§ WORK INSTRUCTION: Copy each line of the records exactly, stopping only after the line that contains "for name, color, linetype, lineweight" has been written, and leave pictures out.

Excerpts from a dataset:
[Start of Attachment]
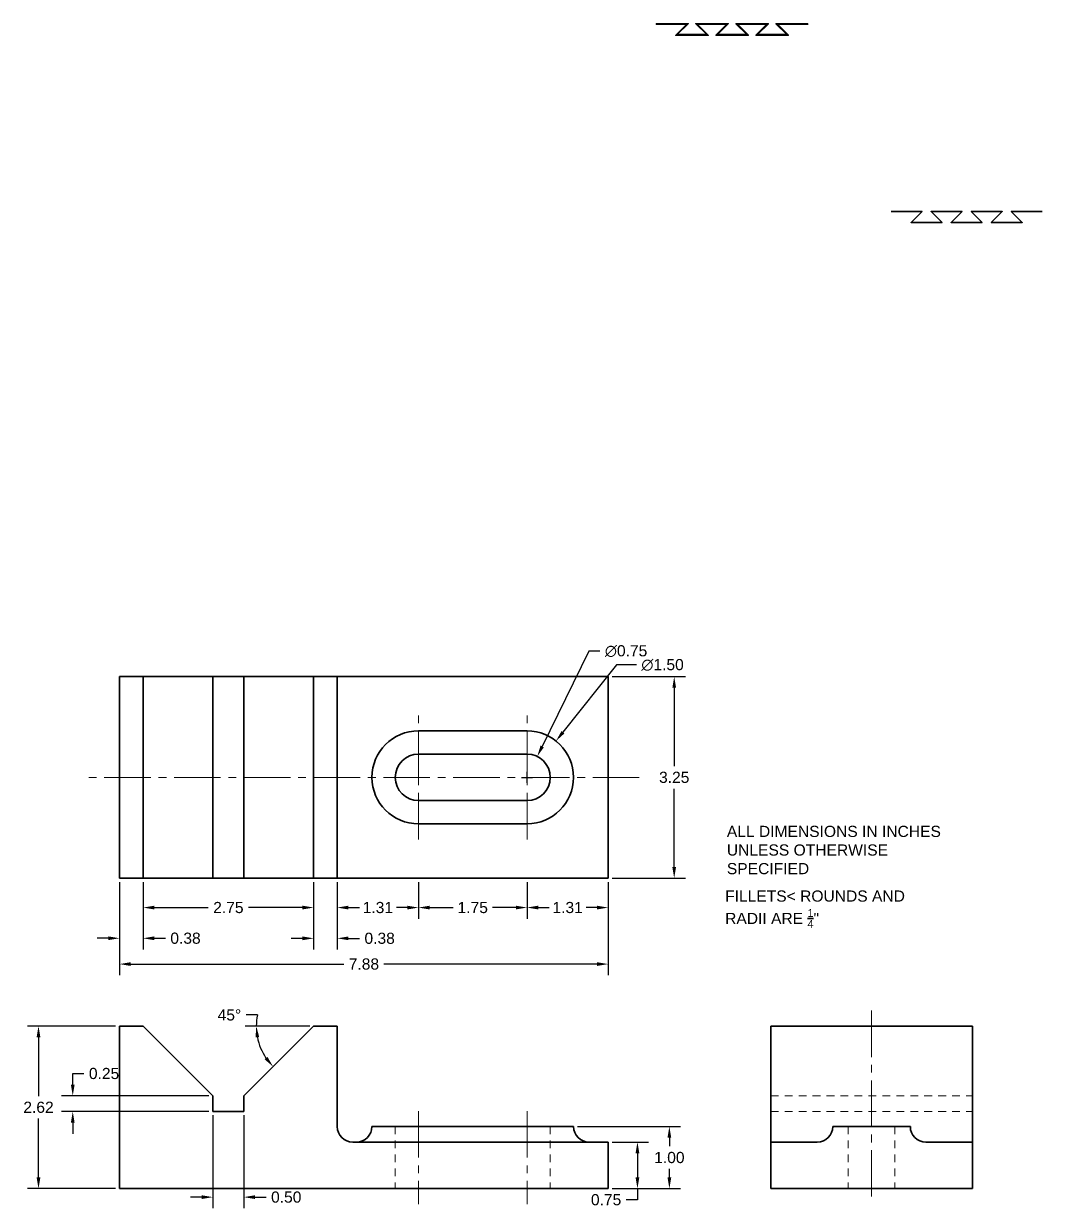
# Model space of a CAD drawing. Header units: inches. Extents: x -0.7 to 75.4, y -2.9 to 19.
# Drawn here: x 22.3 to 38.72, y -0.07 to 19.03 of the extents above; entities that cross this region are included whole.
import ezdxf

# ---------------------------------------------------------------- set-up
doc = ezdxf.new("R2010")
doc.units = ezdxf.units.IN
doc.header["$MEASUREMENT"] = 0
doc.linetypes.add('CENTER2', pattern=[1.125, 0.75, -0.125, 0.125, -0.125])
doc.linetypes.add('HIDDEN2', pattern=[0.1875, 0.125, -0.0625])
for name, color, linetype, lineweight in [('Center', 1, 'CENTER2', 13), ('Hidden', 3, 'HIDDEN2', 13), ('Visible', 6, 'Continuous', 35)]:
    doc.layers.add(name, color=color, linetype=linetype, lineweight=lineweight)
doc.layers.add('Text', color=7, linetype='Continuous', lineweight=35, true_color=0xa552a5)
doc.styles.get("Standard").update_dxf_attribs({"font": 'arial.ttf'})
doc.dimstyles.get("Standard").update_dxf_attribs({"dimtxt": 0.18, "dimasz": 0.18, "dimexe": 0.18, "dimexo": 0.0625, "dimgap": 0.09, "dimtad": 0, "dimtih": 1, "dimtoh": 1, "dimdec": 4, "dimzin": 0, "dimdsep": 46, "dimtxsty": 'Standard', "dimcen": 0.09, "dimadec": 0, "dimazin": 0, "dimtfac": 1, "dimtdec": 4, "dimtofl": 0, "dimtmove": 0, "dimatfit": 3, "dimfxl": 1, "dimtolj": 1, "dimtzin": 0, "dimarcsym": 0})

# ---------------------------------------------------------------- blocks, each defined once
blk = doc.blocks.new('*D2')
at = {"layer": 'Defpoints', "color": 0, "transparency": 16777216}
for p in [(31.725, 8.499), (31.725, 5.249), (32.788, 5.249)]:
    blk.add_point(p, dxfattribs=at)
at = {"layer": 'Text', "color": 0, "lineweight": -2, "transparency": 16777216}
for p, q in [((31.787, 8.499), (32.968, 8.499)), ((32.788, 8.319), (32.788, 7.056)), ((32.788, 5.429), (32.788, 6.692)), ((31.787, 5.249), (32.968, 5.249))]:
    blk.add_line(p, q, dxfattribs=at)
at = {"layer": 'Text', "color": 0, "transparency": 16777216}
for points in [[(32.758, 8.319), (32.818, 8.319), (32.788, 8.499)], [(32.758, 5.429), (32.818, 5.429), (32.788, 5.249)]]:
    blk.add_solid(points, dxfattribs=at)
at = {"layer": 'Text', "color": 0, "transparency": 16777216, "insert": (32.788, 6.874), "char_height": 0.18, "attachment_point": 5}
blk.add_mtext('\\A1;3.25', dxfattribs=at)
blk = doc.blocks.new('*D3')
at = {"layer": 'Defpoints', "color": 0, "transparency": 16777216}
for p in [(30.882, 7.461), (29.948, 6.288)]:
    blk.add_point(p, dxfattribs=at)
at = {"layer": 'Text', "color": 0, "lineweight": -2, "transparency": 16777216}
for p, q in [((31.858, 8.687), (30.994, 7.602)), ((32.178, 8.687), (31.858, 8.687)), ((30.415, 6.784), (30.415, 6.964)), ((30.325, 6.874), (30.505, 6.874))]:
    blk.add_line(p, q, dxfattribs=at)
at = {"layer": 'Text', "color": 0, "transparency": 16777216}
blk.add_solid([(30.971, 7.621), (31.018, 7.583), (30.882, 7.461)], dxfattribs=at)
at = {"layer": 'Text', "color": 0, "transparency": 16777216, "insert": (32.6, 8.687), "char_height": 0.18, "attachment_point": 5}
blk.add_mtext('\\A1;∅1.50', dxfattribs=at)
blk = doc.blocks.new('*D4')
at = {"layer": 'Defpoints', "color": 0, "transparency": 16777216}
for p in [(30.58, 7.211), (30.25, 6.537)]:
    blk.add_point(p, dxfattribs=at)
at = {"layer": 'Text', "color": 0, "lineweight": -2, "transparency": 16777216}
for p, q in [((31.41, 8.91), (30.659, 7.373)), ((31.59, 8.91), (31.41, 8.91)), ((30.415, 6.784), (30.415, 6.964)), ((30.325, 6.874), (30.505, 6.874))]:
    blk.add_line(p, q, dxfattribs=at)
at = {"layer": 'Text', "color": 0, "transparency": 16777216}
blk.add_solid([(30.632, 7.386), (30.686, 7.36), (30.58, 7.211)], dxfattribs=at)
at = {"layer": 'Text', "color": 0, "transparency": 16777216, "insert": (32.012, 8.91), "char_height": 0.18, "attachment_point": 5}
blk.add_mtext('\\A1;∅0.75', dxfattribs=at)
blk = doc.blocks.new('*D5')
at = {"layer": 'Defpoints', "color": 0, "transparency": 16777216}
for p in [(28.665, 5.249), (30.415, 5.249), (30.415, 4.775)]:
    blk.add_point(p, dxfattribs=at)
at = {"layer": 'Text', "color": 0, "lineweight": -2, "transparency": 16777216}
for p, q in [((28.665, 5.187), (28.665, 4.595)), ((30.415, 5.187), (30.415, 4.595)), ((28.845, 4.775), (29.224, 4.775)), ((30.235, 4.775), (29.856, 4.775))]:
    blk.add_line(p, q, dxfattribs=at)
at = {"layer": 'Text', "color": 0, "transparency": 16777216}
for points in [[(28.845, 4.805), (28.845, 4.745), (28.665, 4.775)], [(30.235, 4.805), (30.235, 4.745), (30.415, 4.775)]]:
    blk.add_solid(points, dxfattribs=at)
at = {"layer": 'Text', "color": 0, "transparency": 16777216, "insert": (29.54, 4.775), "char_height": 0.18, "attachment_point": 5}
blk.add_mtext('\\A1;1.75', dxfattribs=at)
blk = doc.blocks.new('*D6')
at = {"layer": 'Defpoints', "color": 0, "transparency": 16777216}
for p in [(23.845, 5.249), (31.725, 5.249), (23.845, 3.864)]:
    blk.add_point(p, dxfattribs=at)
at = {"layer": 'Text', "color": 0, "lineweight": -2, "transparency": 16777216}
for p, q in [((23.845, 5.187), (23.845, 3.684)), ((31.725, 5.187), (31.725, 3.684)), ((24.025, 3.864), (27.462, 3.864)), ((31.545, 3.864), (28.108, 3.864))]:
    blk.add_line(p, q, dxfattribs=at)
at = {"layer": 'Text', "color": 0, "transparency": 16777216}
for points in [[(24.025, 3.894), (24.025, 3.834), (23.845, 3.864)], [(31.545, 3.894), (31.545, 3.834), (31.725, 3.864)]]:
    blk.add_solid(points, dxfattribs=at)
at = {"layer": 'Text', "color": 0, "transparency": 16777216, "insert": (27.785, 3.864), "char_height": 0.18, "attachment_point": 5}
blk.add_mtext('\\A1;7.88', dxfattribs=at)
blk = doc.blocks.new('*D7')
at = {"layer": 'Defpoints', "color": 0, "transparency": 16777216}
for p in [(30.415, 5.249), (31.725, 5.249), (30.415, 4.775)]:
    blk.add_point(p, dxfattribs=at)
at = {"layer": 'Text', "color": 0, "lineweight": -2, "transparency": 16777216}
for p, q in [((30.415, 5.187), (30.415, 4.595)), ((31.725, 5.187), (31.725, 4.595)), ((30.595, 4.775), (30.772, 4.775)), ((31.545, 4.775), (31.368, 4.775))]:
    blk.add_line(p, q, dxfattribs=at)
at = {"layer": 'Text', "color": 0, "transparency": 16777216}
for points in [[(30.595, 4.805), (30.595, 4.745), (30.415, 4.775)], [(31.545, 4.805), (31.545, 4.745), (31.725, 4.775)]]:
    blk.add_solid(points, dxfattribs=at)
at = {"layer": 'Text', "color": 0, "transparency": 16777216, "insert": (31.07, 4.775), "char_height": 0.18, "attachment_point": 5}
blk.add_mtext('\\A1;1.31', dxfattribs=at)
blk = doc.blocks.new('*D8')
at = {"layer": 'Defpoints', "color": 0, "transparency": 16777216}
for p in [(27.355, 5.249), (28.665, 5.249), (28.665, 4.775)]:
    blk.add_point(p, dxfattribs=at)
at = {"layer": 'Text', "color": 0, "lineweight": -2, "transparency": 16777216}
for p, q in [((27.355, 5.187), (27.355, 4.595)), ((28.665, 5.187), (28.665, 4.595)), ((27.535, 4.775), (27.712, 4.775)), ((28.485, 4.775), (28.308, 4.775))]:
    blk.add_line(p, q, dxfattribs=at)
at = {"layer": 'Text', "color": 0, "transparency": 16777216}
for points in [[(27.535, 4.805), (27.535, 4.745), (27.355, 4.775)], [(28.485, 4.805), (28.485, 4.745), (28.665, 4.775)]]:
    blk.add_solid(points, dxfattribs=at)
at = {"layer": 'Text', "color": 0, "transparency": 16777216, "insert": (28.01, 4.775), "char_height": 0.18, "attachment_point": 5}
blk.add_mtext('\\A1;1.31', dxfattribs=at)
blk = doc.blocks.new('*D9')
at = {"layer": 'Defpoints', "color": 0, "transparency": 16777216}
for p in [(24.225, 5.249), (26.975, 5.249), (26.975, 4.775)]:
    blk.add_point(p, dxfattribs=at)
at = {"layer": 'Text', "color": 0, "lineweight": -2, "transparency": 16777216}
for p, q in [((24.225, 5.187), (24.225, 4.595)), ((26.975, 5.187), (26.975, 4.595)), ((24.405, 4.775), (25.274, 4.775)), ((26.795, 4.775), (25.926, 4.775))]:
    blk.add_line(p, q, dxfattribs=at)
at = {"layer": 'Text', "color": 0, "transparency": 16777216}
for points in [[(24.405, 4.805), (24.405, 4.745), (24.225, 4.775)], [(26.795, 4.805), (26.795, 4.745), (26.975, 4.775)]]:
    blk.add_solid(points, dxfattribs=at)
at = {"layer": 'Text', "color": 0, "transparency": 16777216, "insert": (25.6, 4.775), "char_height": 0.18, "attachment_point": 5}
blk.add_mtext('\\A1;2.75', dxfattribs=at)
blk = doc.blocks.new('*D10')
at = {"layer": 'Defpoints', "color": 0, "transparency": 16777216}
for p in [(23.845, 5.249), (24.225, 5.249), (24.225, 4.28)]:
    blk.add_point(p, dxfattribs=at)
at = {"layer": 'Text', "color": 0, "lineweight": -2, "transparency": 16777216}
for p, q in [((23.845, 5.187), (23.845, 4.1)), ((24.225, 5.187), (24.225, 4.1)), ((23.665, 4.28), (23.485, 4.28)), ((24.405, 4.28), (24.585, 4.28))]:
    blk.add_line(p, q, dxfattribs=at)
at = {"layer": 'Text', "color": 0, "transparency": 16777216}
for points in [[(23.665, 4.31), (23.665, 4.25), (23.845, 4.28)], [(24.405, 4.31), (24.405, 4.25), (24.225, 4.28)]]:
    blk.add_solid(points, dxfattribs=at)
at = {"layer": 'Text', "color": 0, "transparency": 16777216, "insert": (24.909, 4.28), "char_height": 0.18, "attachment_point": 5}
blk.add_mtext('\\A1;0.38', dxfattribs=at)
blk = doc.blocks.new('*D11')
at = {"layer": 'Defpoints', "color": 0, "transparency": 16777216}
for p in [(26.975, 5.249), (27.355, 5.249), (27.355, 4.279)]:
    blk.add_point(p, dxfattribs=at)
at = {"layer": 'Text', "color": 0, "lineweight": -2, "transparency": 16777216}
for p, q in [((26.975, 5.187), (26.975, 4.099)), ((27.355, 5.187), (27.355, 4.099)), ((26.795, 4.279), (26.615, 4.279)), ((27.535, 4.279), (27.715, 4.279))]:
    blk.add_line(p, q, dxfattribs=at)
at = {"layer": 'Text', "color": 0, "transparency": 16777216}
for points in [[(26.795, 4.309), (26.795, 4.249), (26.975, 4.279)], [(27.535, 4.309), (27.535, 4.249), (27.355, 4.279)]]:
    blk.add_solid(points, dxfattribs=at)
at = {"layer": 'Text', "color": 0, "transparency": 16777216, "insert": (28.039, 4.279), "char_height": 0.18, "attachment_point": 5}
blk.add_mtext('\\A1;0.38', dxfattribs=at)
blk = doc.blocks.new('*D12')
at = {"layer": 'Defpoints', "color": 0, "transparency": 16777216}
for p in [(26.975, 2.864), (26.975, 2.864), (27.355, 2.864), (26.174, 2.401), (25.85, 1.739)]:
    blk.add_point(p, dxfattribs=at)
at = {"layer": 'Text', "color": 0, "lineweight": -2, "transparency": 16777216}
for p, q in [((26.068, 3.043), (25.888, 3.043)), ((26.912, 2.864), (25.87, 2.864))]:
    blk.add_line(p, q, dxfattribs=at)
for start, end in [(168.8328, 180), (191.1672, 213.8328)]:
    blk.add_arc((26.975, 2.864), 0.925, start, end, dxfattribs=at)
at = {"layer": 'Text', "color": 0, "transparency": 16777216}
for points in [[(26.038, 2.682), (26.097, 2.688), (26.05, 2.864)], [(26.23, 2.368), (26.183, 2.33), (26.321, 2.21)]]:
    blk.add_solid(points, dxfattribs=at)
at = {"layer": 'Text', "color": 0, "transparency": 16777216, "insert": (25.617, 3.043), "char_height": 0.18, "attachment_point": 5}
blk.add_mtext('\\A1;45°', dxfattribs=at)
blk = doc.blocks.new('*D13')
at = {"layer": 'Defpoints', "color": 0, "transparency": 16777216}
for p in [(23.845, 2.864), (22.539, 0.244), (23.845, 0.244)]:
    blk.add_point(p, dxfattribs=at)
at = {"layer": 'Text', "color": 0, "lineweight": -2, "transparency": 16777216}
for p, q in [((23.782, 2.864), (22.359, 2.864)), ((22.539, 2.684), (22.539, 1.736)), ((22.539, 0.424), (22.539, 1.372)), ((23.782, 0.244), (22.359, 0.244))]:
    blk.add_line(p, q, dxfattribs=at)
at = {"layer": 'Text', "color": 0, "transparency": 16777216}
for points in [[(22.509, 2.684), (22.569, 2.684), (22.539, 2.864)], [(22.509, 0.424), (22.569, 0.424), (22.539, 0.244)]]:
    blk.add_solid(points, dxfattribs=at)
at = {"layer": 'Text', "color": 0, "transparency": 16777216, "insert": (22.539, 1.554), "char_height": 0.18, "attachment_point": 5}
blk.add_mtext('\\A1;2.62', dxfattribs=at)
blk = doc.blocks.new('*D14')
at = {"layer": 'Defpoints', "color": 0, "transparency": 16777216}
for p in [(23.091, 1.739), (25.35, 1.739), (25.35, 1.489)]:
    blk.add_point(p, dxfattribs=at)
at = {"layer": 'Text', "color": 0, "lineweight": -2, "transparency": 16777216}
for p, q in [((23.091, 1.919), (23.091, 2.099)), ((23.091, 2.099), (23.271, 2.099)), ((25.287, 1.739), (22.911, 1.739)), ((25.287, 1.489), (22.911, 1.489)), ((23.091, 1.309), (23.091, 1.129))]:
    blk.add_line(p, q, dxfattribs=at)
at = {"layer": 'Text', "color": 0, "transparency": 16777216}
for points in [[(23.061, 1.919), (23.121, 1.919), (23.091, 1.739)], [(23.061, 1.309), (23.121, 1.309), (23.091, 1.489)]]:
    blk.add_solid(points, dxfattribs=at)
at = {"layer": 'Text', "color": 0, "transparency": 16777216, "insert": (23.596, 2.099), "char_height": 0.18, "attachment_point": 5}
blk.add_mtext('\\A1;0.25', dxfattribs=at)
blk = doc.blocks.new('*D15')
at = {"layer": 'Defpoints', "color": 0, "transparency": 16777216}
for p in [(25.35, 1.489), (25.85, 1.489), (25.85, 0.106)]:
    blk.add_point(p, dxfattribs=at)
at = {"layer": 'Text', "color": 0, "lineweight": -2, "transparency": 16777216}
for p, q in [((25.35, 1.426), (25.35, -0.074)), ((25.85, 1.426), (25.85, -0.074)), ((25.17, 0.106), (24.99, 0.106)), ((26.03, 0.106), (26.21, 0.106))]:
    blk.add_line(p, q, dxfattribs=at)
at = {"layer": 'Text', "color": 0, "transparency": 16777216}
for points in [[(25.17, 0.136), (25.17, 0.076), (25.35, 0.106)], [(26.03, 0.136), (26.03, 0.076), (25.85, 0.106)]]:
    blk.add_solid(points, dxfattribs=at)
at = {"layer": 'Text', "color": 0, "transparency": 16777216, "insert": (26.533, 0.106), "char_height": 0.18, "attachment_point": 5}
blk.add_mtext('\\A1;0.50', dxfattribs=at)
blk = doc.blocks.new('*D16')
at = {"layer": 'Defpoints', "color": 0, "transparency": 16777216}
for p in [(31.165, 1.244), (31.725, 0.244), (32.71, 0.244)]:
    blk.add_point(p, dxfattribs=at)
at = {"layer": 'Text', "color": 0, "lineweight": -2, "transparency": 16777216}
for p, q in [((31.227, 1.244), (32.89, 1.244)), ((32.71, 1.064), (32.71, 0.926)), ((32.71, 0.424), (32.71, 0.562)), ((31.787, 0.244), (32.89, 0.244))]:
    blk.add_line(p, q, dxfattribs=at)
at = {"layer": 'Text', "color": 0, "transparency": 16777216}
for points in [[(32.68, 1.064), (32.74, 1.064), (32.71, 1.244)], [(32.68, 0.424), (32.74, 0.424), (32.71, 0.244)]]:
    blk.add_solid(points, dxfattribs=at)
at = {"layer": 'Text', "color": 0, "transparency": 16777216, "insert": (32.71, 0.744), "char_height": 0.18, "attachment_point": 5}
blk.add_mtext('\\A1;1.00', dxfattribs=at)
blk = doc.blocks.new('*D17')
at = {"layer": 'Defpoints', "color": 0, "transparency": 16777216}
for p in [(31.725, 0.994), (31.725, 0.244), (32.195, 0.244)]:
    blk.add_point(p, dxfattribs=at)
at = {"layer": 'Text', "color": 0, "lineweight": -2, "transparency": 16777216}
for p, q in [((31.787, 0.994), (32.375, 0.994)), ((32.195, 0.814), (32.195, 0.424)), ((31.787, 0.244), (32.375, 0.244)), ((32.195, 0.244), (32.195, 0.064)), ((32.195, 0.064), (32.015, 0.064))]:
    blk.add_line(p, q, dxfattribs=at)
at = {"layer": 'Text', "color": 0, "transparency": 16777216}
for points in [[(32.165, 0.814), (32.225, 0.814), (32.195, 0.994)], [(32.165, 0.424), (32.225, 0.424), (32.195, 0.244)]]:
    blk.add_solid(points, dxfattribs=at)
at = {"layer": 'Text', "color": 0, "transparency": 16777216, "insert": (31.69, 0.064), "char_height": 0.18, "attachment_point": 5}
blk.add_mtext('\\A1;0.75', dxfattribs=at)

msp = doc.modelspace()

# ---------------------------------------------------------------- linework, layer by layer
at = {"layer": 'Center'}
for p, q in [((28.66498, 6.87437), (28.66498, 7.87437)), ((30.41498, 6.87437), (30.41498, 7.87437)), ((32.22498, 6.87437), (23.34498, 6.87437)), ((28.66498, 5.87437), (28.66498, 6.87437)), ((30.41498, 5.87437), (30.41498, 6.87437)), ((35.96998, 3.11385), (35.96998, -0.00615)), ((28.66498, 1.49385), (28.66498, -0.00615)), ((30.41498, 1.49385), (30.41498, -0.00615))]:
    msp.add_line(p, q, dxfattribs=at)
at = {"layer": 'Hidden'}
for p, q in [((34.34498, 1.73885), (37.59498, 1.73885)), ((34.34498, 1.48885), (37.59498, 1.48885)), ((28.28998, 1.24385), (28.28998, 0.24385)), ((30.78998, 1.24385), (30.78998, 0.24385)), ((35.59498, 1.24385), (35.59498, 0.24385)), ((36.34498, 1.24385), (36.34498, 0.24385))]:
    msp.add_line(p, q, dxfattribs=at)
at = {"layer": 'Text'}
msp.add_line((23.84498, 8.49937), (23.84498, 8.49937), dxfattribs=at)
msp.add_lwpolyline([(34.94104, 19.02662), (34.42897, 19.02662), (34.60575, 18.84984), (34.12989, 18.84984), (34.30667, 19.02662), (33.78253, 19.02662), (33.9593, 18.84984), (33.48344, 18.84984), (33.66022, 19.02662), (33.13608, 19.02662), (33.31286, 18.84984), (32.837, 18.84984), (33.01377, 19.02662), (32.5017, 19.02662), (32.5017, 19.01662), (32.98963, 19.01662), (32.81286, 18.83984), (33.337, 18.83984), (33.16022, 19.01662), (33.63608, 19.01662), (33.4593, 18.83984), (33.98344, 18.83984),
[End of Attachment]
§ ANSWER SECTION:
# Model space of a CAD drawing. Header units: inches. Extents: x -0.7 to 75.4, y -2.9 to 19.
# Drawn here: x 22.3 to 38.72, y -0.07 to 19.03 of the extents above; entities that cross this region are included whole.
import ezdxf

# ---------------------------------------------------------------- set-up
doc = ezdxf.new("R2010")
doc.units = ezdxf.units.IN
doc.header["$MEASUREMENT"] = 0
doc.linetypes.add('CENTER2', pattern=[1.125, 0.75, -0.125, 0.125, -0.125])
doc.linetypes.add('HIDDEN2', pattern=[0.1875, 0.125, -0.0625])
for name, color, linetype, lineweight in [('Center', 1, 'CENTER2', 13), ('Hidden', 3, 'HIDDEN2', 13), ('Visible', 6, 'Continuous', 35)]:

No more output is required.